> **WORK REQUEST**
The expected result is a verbatim repetition of the lines from the start of the entries through the line containing "#5=PRODUCT_RELATED_PRODUCT_CATEGORY('part','',(#4));", with the pictures removed.
Start of MATERIAL PROVIDED
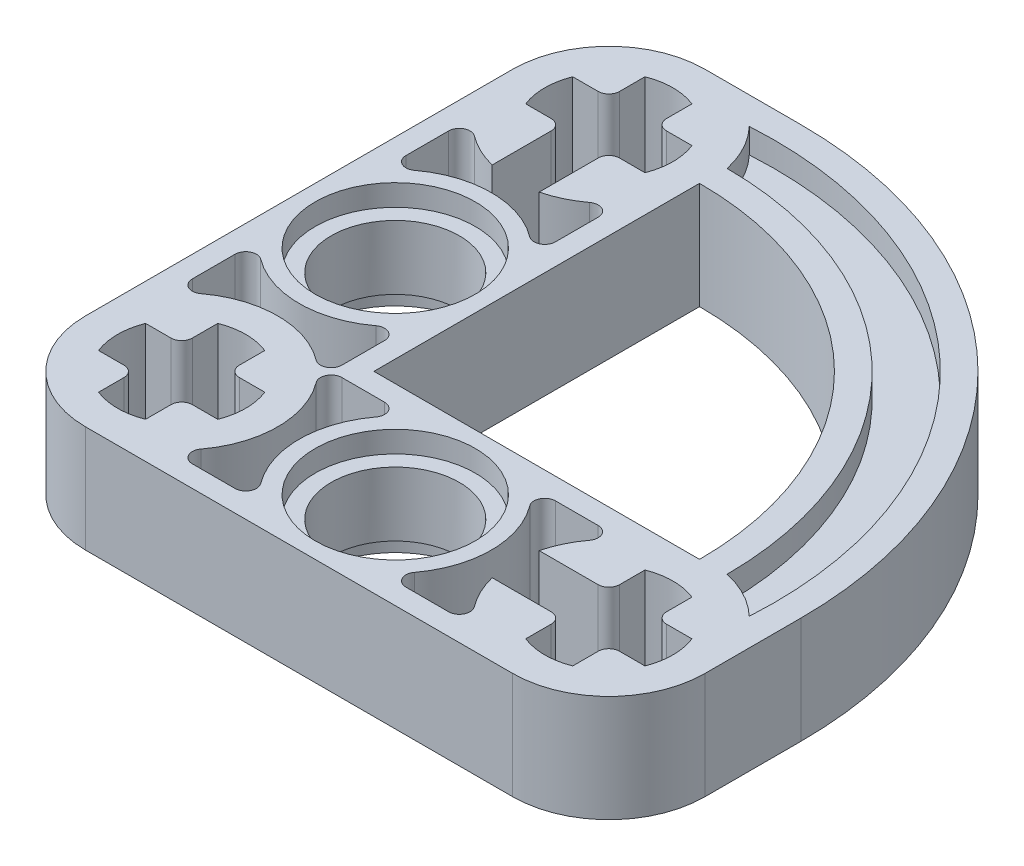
ISO-10303-21;
HEADER;
FILE_DESCRIPTION(('STEP AP214'),'2;1');
FILE_NAME('part.step','',(''),(''),'','','');
FILE_SCHEMA(('AUTOMOTIVE_DESIGN { 1 0 10303 214 1 1 1 1 }'));
ENDSEC;
DATA;
#1=APPLICATION_CONTEXT('core data for automotive mechanical design processes');
#2=APPLICATION_PROTOCOL_DEFINITION('international standard','automotive_design',2000,#1);
#3=PRODUCT_CONTEXT('',#1,'mechanical');
#4=PRODUCT('Part','Part','',(#3));
#5=PRODUCT_RELATED_PRODUCT_CATEGORY('part','',(#4));
#6=PRODUCT_DEFINITION_FORMATION('','',#4);
#7=PRODUCT_DEFINITION_CONTEXT('part definition',#1,'design');
#8=PRODUCT_DEFINITION('design','',#6,#7);
#9=PRODUCT_DEFINITION_SHAPE('','',#8);
#10=(LENGTH_UNIT() NAMED_UNIT(*) SI_UNIT(.MILLI.,.METRE.));
#11=(NAMED_UNIT(*) PLANE_ANGLE_UNIT() SI_UNIT($,.RADIAN.));
#12=(NAMED_UNIT(*) SI_UNIT($,.STERADIAN.) SOLID_ANGLE_UNIT());
#13=UNCERTAINTY_MEASURE_WITH_UNIT(LENGTH_MEASURE(1.E-05),#10,'distance_accuracy_value','');
#14=(GEOMETRIC_REPRESENTATION_CONTEXT(3) GLOBAL_UNCERTAINTY_ASSIGNED_CONTEXT((#13)) GLOBAL_UNIT_ASSIGNED_CONTEXT((#10,
#11,#12)) REPRESENTATION_CONTEXT('',''));
#15=CARTESIAN_POINT('',(0.,0.,0.));
#16=DIRECTION('',(0.,0.,1.));
#17=DIRECTION('',(1.,0.,0.));
#18=AXIS2_PLACEMENT_3D('',#15,#16,#17);
#19=CARTESIAN_POINT('',(-7.94500315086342,-0.0749999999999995,8.01000315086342));
#20=DIRECTION('',(0.,1.,0.));
#21=DIRECTION('',(0.,0.,1.));
#22=AXIS2_PLACEMENT_3D('',#19,#20,#21);
#23=CYLINDRICAL_SURFACE('',#22,2.4);
#24=CARTESIAN_POINT('',(-7.94500315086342,3.125,8.01000315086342));
#25=DIRECTION('',(0.,1.,0.));
#26=DIRECTION('',(0.,0.,1.));
#27=AXIS2_PLACEMENT_3D('',#24,#25,#26);
#28=CIRCLE('',#27,2.4);
#29=CARTESIAN_POINT('',(-7.94500315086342,3.125,10.4100031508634));
#30=VERTEX_POINT('',#29);
#31=EDGE_CURVE('E699',#30,#30,#28,.F.);
#32=ORIENTED_EDGE('',*,*,#31,.F.);
#33=EDGE_LOOP('',(#32));
#34=FACE_BOUND('',#33,.T.);
#35=CARTESIAN_POINT('',(-7.94500315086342,0.725000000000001,8.01000315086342));
#36=DIRECTION('',(0.,-1.,0.));
#37=DIRECTION('',(0.,0.,-1.));
#38=AXIS2_PLACEMENT_3D('',#35,#36,#37);
#39=CIRCLE('',#38,2.4);
#40=CARTESIAN_POINT('',(-7.94500315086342,0.725000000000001,5.61000315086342));
#41=VERTEX_POINT('',#40);
#42=EDGE_CURVE('E40',#41,#41,#39,.F.);
#43=ORIENTED_EDGE('',*,*,#42,.F.);
#44=EDGE_LOOP('',(#43));
#45=FACE_BOUND('',#44,.T.);
#46=ADVANCED_FACE('F36',(#34,#45),#23,.F.);
#47=CARTESIAN_POINT('',(0.0549968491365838,-0.0749999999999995,16.0100031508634));
#48=DIRECTION('',(0.,1.,0.));
#49=DIRECTION('',(0.,0.,1.));
#50=AXIS2_PLACEMENT_3D('',#47,#48,#49);
#51=CYLINDRICAL_SURFACE('',#50,2.40000000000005);
#52=CARTESIAN_POINT('',(0.0549968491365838,3.125,16.0100031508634));
#53=DIRECTION('',(0.,1.,0.));
#54=DIRECTION('',(0.,0.,1.));
#55=AXIS2_PLACEMENT_3D('',#52,#53,#54);
#56=CIRCLE('',#55,2.40000000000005);
#57=CARTESIAN_POINT('',(0.0549968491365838,3.125,18.4100031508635));
#58=VERTEX_POINT('',#57);
#59=EDGE_CURVE('E1441',#58,#58,#56,.F.);
#60=ORIENTED_EDGE('',*,*,#59,.F.);
#61=EDGE_LOOP('',(#60));
#62=FACE_BOUND('',#61,.T.);
#63=CARTESIAN_POINT('',(0.0549968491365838,0.725000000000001,16.0100031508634));
#64=DIRECTION('',(0.,-1.,0.));
#65=DIRECTION('',(0.,0.,-1.));
#66=AXIS2_PLACEMENT_3D('',#63,#64,#65);
#67=CIRCLE('',#66,2.40000000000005);
#68=CARTESIAN_POINT('',(0.0549968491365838,0.725000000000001,13.6100031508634));
#69=VERTEX_POINT('',#68);
#70=EDGE_CURVE('E1446',#69,#69,#67,.F.);
#71=ORIENTED_EDGE('',*,*,#70,.F.);
#72=EDGE_LOOP('',(#71));
#73=FACE_BOUND('',#72,.T.);
#74=ADVANCED_FACE('F1482',(#62,#73),#51,.F.);
#75=CARTESIAN_POINT('',(-4.34500315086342,3.925,12.4100031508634));
#76=DIRECTION('',(0.,-1.,0.));
#77=DIRECTION('',(0.,0.,-1.));
#78=AXIS2_PLACEMENT_3D('',#75,#76,#77);
#79=PLANE('',#78);
#80=CARTESIAN_POINT('',(-7.94500315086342,3.925,8.01000315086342));
#81=DIRECTION('',(0.,1.,0.));
#82=DIRECTION('',(0.,0.,1.));
#83=AXIS2_PLACEMENT_3D('',#80,#81,#82);
#84=CIRCLE('',#83,3.);
#85=CARTESIAN_POINT('',(-7.94500315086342,3.925,11.0100031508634));
#86=VERTEX_POINT('',#85);
#87=EDGE_CURVE('E1468',#86,#86,#84,.T.);
#88=ORIENTED_EDGE('',*,*,#87,.F.);
#89=EDGE_LOOP('',(#88));
#90=FACE_BOUND('',#89,.T.);
#91=CARTESIAN_POINT('',(0.0549968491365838,3.925,16.0100031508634));
#92=DIRECTION('',(0.,1.,0.));
#93=DIRECTION('',(0.,0.,1.));
#94=AXIS2_PLACEMENT_3D('',#91,#92,#93);
#95=CIRCLE('',#94,3.);
#96=CARTESIAN_POINT('',(0.0549968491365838,3.925,19.0100031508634));
#97=VERTEX_POINT('',#96);
#98=EDGE_CURVE('E681',#97,#97,#95,.T.);
#99=ORIENTED_EDGE('',*,*,#98,.F.);
#100=EDGE_LOOP('',(#99));
#101=FACE_BOUND('',#100,.T.);
#102=DIRECTION('',(0.,0.,1.));
#103=VECTOR('',#102,1.);
#104=CARTESIAN_POINT('',(-8.82500315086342,3.925,-2.22284256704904));
#105=LINE('',#104,#103);
#106=CARTESIAN_POINT('',(-8.82500315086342,3.925,-2.22284256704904));
#107=VERTEX_POINT('',#106);
#108=CARTESIAN_POINT('',(-8.82500315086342,3.925,-1.26999684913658));
#109=VERTEX_POINT('',#108);
#110=EDGE_CURVE('E1059',#107,#109,#105,.T.);
#111=ORIENTED_EDGE('',*,*,#110,.F.);
#112=CARTESIAN_POINT('',(-7.94500315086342,3.925,0.0100031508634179));
#113=DIRECTION('',(0.,1.,0.));
#114=DIRECTION('',(0.,0.,1.));
#115=AXIS2_PLACEMENT_3D('',#112,#113,#114);
#116=CIRCLE('',#115,2.4);
#117=CARTESIAN_POINT('',(-7.06500315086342,3.925,-2.22284256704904));
#118=VERTEX_POINT('',#117);
#119=EDGE_CURVE('E53',#118,#107,#116,.T.);
#120=ORIENTED_EDGE('',*,*,#119,.F.);
#121=DIRECTION('',(0.,0.,-1.));
#122=VECTOR('',#121,1.);
#123=CARTESIAN_POINT('',(-7.06500315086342,3.925,-1.26999684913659));
#124=LINE('',#123,#122);
#125=CARTESIAN_POINT('',(-7.06500315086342,3.925,-1.26999684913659));
#126=VERTEX_POINT('',#125);
#127=EDGE_CURVE('E988',#126,#118,#124,.T.);
#128=ORIENTED_EDGE('',*,*,#127,.F.);
#129=CARTESIAN_POINT('',(-6.66500315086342,3.925,-1.26999684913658));
#130=DIRECTION('',(0.,-1.,0.));
#131=DIRECTION('',(0.,0.,-1.));
#132=AXIS2_PLACEMENT_3D('',#129,#130,#131);
#133=CIRCLE('',#132,0.4);
#134=CARTESIAN_POINT('',(-6.66500315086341,3.925,-0.869996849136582));
#135=VERTEX_POINT('',#134);
#136=EDGE_CURVE('E1122',#135,#126,#133,.T.);
#137=ORIENTED_EDGE('',*,*,#136,.F.);
#138=DIRECTION('',(-1.,0.,0.));
#139=VECTOR('',#138,1.);
#140=CARTESIAN_POINT('',(-5.71215743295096,3.925,-0.869996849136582));
#141=LINE('',#140,#139);
#142=CARTESIAN_POINT('',(-5.71215743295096,3.925,-0.869996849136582));
#143=VERTEX_POINT('',#142);
#144=EDGE_CURVE('E1119',#143,#135,#141,.T.);
#145=ORIENTED_EDGE('',*,*,#144,.F.);
#146=CARTESIAN_POINT('',(-7.94500315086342,3.925,0.0100031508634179));
#147=DIRECTION('',(0.,1.,0.));
#148=DIRECTION('',(0.,0.,1.));
#149=AXIS2_PLACEMENT_3D('',#146,#147,#148);
#150=CIRCLE('',#149,2.4);
#151=CARTESIAN_POINT('',(-5.71215743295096,3.925,0.890003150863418));
#152=VERTEX_POINT('',#151);
#153=EDGE_CURVE('E1116',#152,#143,#150,.T.);
#154=ORIENTED_EDGE('',*,*,#153,.F.);
#155=DIRECTION('',(1.,0.,0.));
#156=VECTOR('',#155,1.);
#157=CARTESIAN_POINT('',(-6.66500315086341,3.925,0.890003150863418));
#158=LINE('',#157,#156);
#159=CARTESIAN_POINT('',(-6.66500315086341,3.925,0.890003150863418));
#160=VERTEX_POINT('',#159);
#161=EDGE_CURVE('E1113',#160,#152,#158,.T.);
#162=ORIENTED_EDGE('',*,*,#161,.F.);
#163=CARTESIAN_POINT('',(-6.66500315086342,3.925,1.29000315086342));
#164=DIRECTION('',(0.,-1.,0.));
#165=DIRECTION('',(0.,0.,-1.));
#166=AXIS2_PLACEMENT_3D('',#163,#164,#165);
#167=CIRCLE('',#166,0.4);
#168=CARTESIAN_POINT('',(-7.06500315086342,3.925,1.29000315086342));
#169=VERTEX_POINT('',#168);
#170=EDGE_CURVE('E1110',#169,#160,#167,.T.);
#171=ORIENTED_EDGE('',*,*,#170,.F.);
#172=DIRECTION('',(0.,0.,-1.));
#173=VECTOR('',#172,1.);
#174=CARTESIAN_POINT('',(-7.06500315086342,3.925,2.24284886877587));
#175=LINE('',#174,#173);
#176=CARTESIAN_POINT('',(-7.06500315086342,3.925,3.50079102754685));
#177=VERTEX_POINT('',#176);
#178=EDGE_CURVE('E1107',#177,#169,#175,.T.);
#179=ORIENTED_EDGE('',*,*,#178,.F.);
#180=CARTESIAN_POINT('',(-7.94500315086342,3.925,0.0100031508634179));
#181=DIRECTION('',(0.,-1.,0.));
#182=DIRECTION('',(0.,0.,1.));
#183=AXIS2_PLACEMENT_3D('',#180,#181,#182);
#184=CIRCLE('',#183,3.6);
#185=CARTESIAN_POINT('',(-5.78500315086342,3.925,2.89000315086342));
#186=VERTEX_POINT('',#185);
#187=EDGE_CURVE('E1104',#186,#177,#184,.T.);
#188=ORIENTED_EDGE('',*,*,#187,.F.);
#189=CARTESIAN_POINT('',(-5.54500315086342,3.925,3.21000315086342));
#190=DIRECTION('',(0.,1.,0.));
#191=DIRECTION('',(0.,0.,-1.));
#192=AXIS2_PLACEMENT_3D('',#189,#190,#191);
#193=CIRCLE('',#192,0.399999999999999);
#194=CARTESIAN_POINT('',(-5.14500315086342,3.925,3.21000315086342));
#195=VERTEX_POINT('',#194);
#196=EDGE_CURVE('E1101',#195,#186,#193,.T.);
#197=ORIENTED_EDGE('',*,*,#196,.F.);
#198=DIRECTION('',(0.,0.,-1.));
#199=VECTOR('',#198,1.);
#200=CARTESIAN_POINT('',(-5.14500315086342,3.925,3.21000315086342));
#201=LINE('',#200,#199);
#202=CARTESIAN_POINT('',(-5.14500315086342,3.925,4.81000315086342));
#203=VERTEX_POINT('',#202);
#204=EDGE_CURVE('E1098',#203,#195,#201,.T.);
#205=ORIENTED_EDGE('',*,*,#204,.F.);
#206=CARTESIAN_POINT('',(-5.54500315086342,3.925,4.81000315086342));
#207=DIRECTION('',(0.,1.,0.));
#208=DIRECTION('',(0.,0.,1.));
#209=AXIS2_PLACEMENT_3D('',#206,#207,#208);
#210=CIRCLE('',#209,0.4);
#211=CARTESIAN_POINT('',(-5.78500315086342,3.925,5.13000315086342));
#212=VERTEX_POINT('',#211);
#213=EDGE_CURVE('E1095',#212,#203,#210,.T.);
#214=ORIENTED_EDGE('',*,*,#213,.F.);
#215=CARTESIAN_POINT('',(-7.94500315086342,3.925,8.01000315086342));
#216=DIRECTION('',(0.,-1.,0.));
#217=DIRECTION('',(0.,0.,1.));
#218=AXIS2_PLACEMENT_3D('',#215,#216,#217);
#219=CIRCLE('',#218,3.6);
#220=CARTESIAN_POINT('',(-10.1050031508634,3.925,5.13000315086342));
#221=VERTEX_POINT('',#220);
#222=EDGE_CURVE('E1092',#221,#212,#219,.T.);
#223=ORIENTED_EDGE('',*,*,#222,.F.);
#224=CARTESIAN_POINT('',(-10.3450031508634,3.925,4.81000315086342));
#225=DIRECTION('',(0.,1.,0.));
#226=DIRECTION('',(0.,0.,-1.));
#227=AXIS2_PLACEMENT_3D('',#224,#225,#226);
#228=CIRCLE('',#227,0.4);
#229=CARTESIAN_POINT('',(-10.7450031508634,3.925,4.81000315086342));
#230=VERTEX_POINT('',#229);
#231=EDGE_CURVE('E1089',#230,#221,#228,.T.);
#232=ORIENTED_EDGE('',*,*,#231,.F.);
#233=DIRECTION('',(0.,0.,1.));
#234=VECTOR('',#233,1.);
#235=CARTESIAN_POINT('',(-10.7450031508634,3.925,3.21000315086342));
#236=LINE('',#235,#234);
#237=CARTESIAN_POINT('',(-10.7450031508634,3.925,3.21000315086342));
#238=VERTEX_POINT('',#237);
#239=EDGE_CURVE('E1086',#238,#230,#236,.T.);
#240=ORIENTED_EDGE('',*,*,#239,.F.);
#241=CARTESIAN_POINT('',(-10.3450031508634,3.925,3.21000315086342));
#242=DIRECTION('',(0.,1.,0.));
#243=DIRECTION('',(0.,0.,1.));
#244=AXIS2_PLACEMENT_3D('',#241,#242,#243);
#245=CIRCLE('',#244,0.4);
#246=CARTESIAN_POINT('',(-10.1050031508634,3.925,2.89000315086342));
#247=VERTEX_POINT('',#246);
#248=EDGE_CURVE('E1083',#247,#238,#245,.T.);
#249=ORIENTED_EDGE('',*,*,#248,.F.);
#250=CARTESIAN_POINT('',(-7.94500315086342,3.925,0.0100031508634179));
#251=DIRECTION('',(0.,-1.,0.));
#252=DIRECTION('',(0.,0.,1.));
#253=AXIS2_PLACEMENT_3D('',#250,#251,#252);
#254=CIRCLE('',#253,3.6);
#255=CARTESIAN_POINT('',(-8.82500315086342,3.925,3.50079102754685));
#256=VERTEX_POINT('',#255);
#257=EDGE_CURVE('E1080',#256,#247,#254,.T.);
#258=ORIENTED_EDGE('',*,*,#257,.F.);
#259=DIRECTION('',(0.,0.,1.));
#260=VECTOR('',#259,1.);
#261=CARTESIAN_POINT('',(-8.82500315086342,3.925,2.24284886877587));
#262=LINE('',#261,#260);
#263=CARTESIAN_POINT('',(-8.82500315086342,3.925,1.29000315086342));
#264=VERTEX_POINT('',#263);
#265=EDGE_CURVE('E1077',#264,#256,#262,.T.);
#266=ORIENTED_EDGE('',*,*,#265,.F.);
#267=CARTESIAN_POINT('',(-9.22500315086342,3.925,1.29000315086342));
#268=DIRECTION('',(0.,-1.,0.));
#269=DIRECTION('',(0.,0.,1.));
#270=AXIS2_PLACEMENT_3D('',#267,#268,#269);
#271=CIRCLE('',#270,0.4);
#272=CARTESIAN_POINT('',(-9.22500315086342,3.925,0.890003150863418));
#273=VERTEX_POINT('',#272);
#274=EDGE_CURVE('E1074',#273,#264,#271,.T.);
#275=ORIENTED_EDGE('',*,*,#274,.F.);
#276=DIRECTION('',(1.,0.,0.));
#277=VECTOR('',#276,1.);
#278=CARTESIAN_POINT('',(-10.1778488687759,3.925,0.890003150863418));
#279=LINE('',#278,#277);
#280=CARTESIAN_POINT('',(-10.1778488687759,3.925,0.890003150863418));
#281=VERTEX_POINT('',#280);
#282=EDGE_CURVE('E1071',#281,#273,#279,.T.);
#283=ORIENTED_EDGE('',*,*,#282,.F.);
#284=CARTESIAN_POINT('',(-7.94500315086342,3.925,0.0100031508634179));
#285=DIRECTION('',(0.,1.,0.));
#286=DIRECTION('',(0.,0.,1.));
#287=AXIS2_PLACEMENT_3D('',#284,#285,#286);
#288=CIRCLE('',#287,2.4);
#289=CARTESIAN_POINT('',(-10.1778488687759,3.925,-0.869996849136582));
#290=VERTEX_POINT('',#289);
#291=EDGE_CURVE('E1068',#290,#281,#288,.T.);
#292=ORIENTED_EDGE('',*,*,#291,.F.);
#293=DIRECTION('',(-1.,0.,0.));
#294=VECTOR('',#293,1.);
#295=CARTESIAN_POINT('',(-9.22500315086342,3.925,-0.869996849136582));
#296=LINE('',#295,#294);
#297=CARTESIAN_POINT('',(-9.22500315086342,3.925,-0.869996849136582));
#298=VERTEX_POINT('',#297);
#299=EDGE_CURVE('E1065',#298,#290,#296,.T.);
#300=ORIENTED_EDGE('',*,*,#299,.F.);
#301=CARTESIAN_POINT('',(-9.22500315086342,3.925,-1.26999684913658));
#302=DIRECTION('',(0.,-1.,0.));
#303=DIRECTION('',(0.,0.,-1.));
#304=AXIS2_PLACEMENT_3D('',#301,#302,#303);
#305=CIRCLE('',#304,0.4);
#306=EDGE_CURVE('E1062',#109,#298,#305,.T.);
#307=ORIENTED_EDGE('',*,*,#306,.F.);
#308=EDGE_LOOP('',(#111,#120,#128,#137,#145,#154,#162,#171,#179,#188,#197,#205,#214,#223,#232,
#240,#249,#258,#266,#275,#283,#292,#300,#307));
#309=FACE_BOUND('',#308,.T.);
#310=DIRECTION('',(-1.,0.,0.));
#311=VECTOR('',#310,1.);
#312=CARTESIAN_POINT('',(10.287842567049,3.925,15.1300031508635));
#313=LINE('',#312,#311);
#314=CARTESIAN_POINT('',(10.287842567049,3.925,15.1300031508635));
#315=VERTEX_POINT('',#314);
#316=CARTESIAN_POINT('',(9.33499684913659,3.925,15.1300031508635));
#317=VERTEX_POINT('',#316);
#318=EDGE_CURVE('E867',#315,#317,#313,.T.);
#319=ORIENTED_EDGE('',*,*,#318,.F.);
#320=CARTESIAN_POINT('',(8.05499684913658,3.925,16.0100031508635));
End of MATERIAL PROVIDED
> **RESPONSE AREA**
ISO-10303-21;
HEADER;
FILE_DESCRIPTION(('STEP AP214'),'2;1');
FILE_NAME('part.step','',(''),(''),'','','');
FILE_SCHEMA(('AUTOMOTIVE_DESIGN { 1 0 10303 214 1 1 1 1 }'));
ENDSEC;
DATA;
#1=APPLICATION_CONTEXT('core data for automotive mechanical design processes');
#2=APPLICATION_PROTOCOL_DEFINITION('international standard','automotive_design',2000,#1);
#3=PRODUCT_CONTEXT('',#1,'mechanical');
#4=PRODUCT('Part','Part','',(#3));
#5=PRODUCT_RELATED_PRODUCT_CATEGORY('part','',(#4));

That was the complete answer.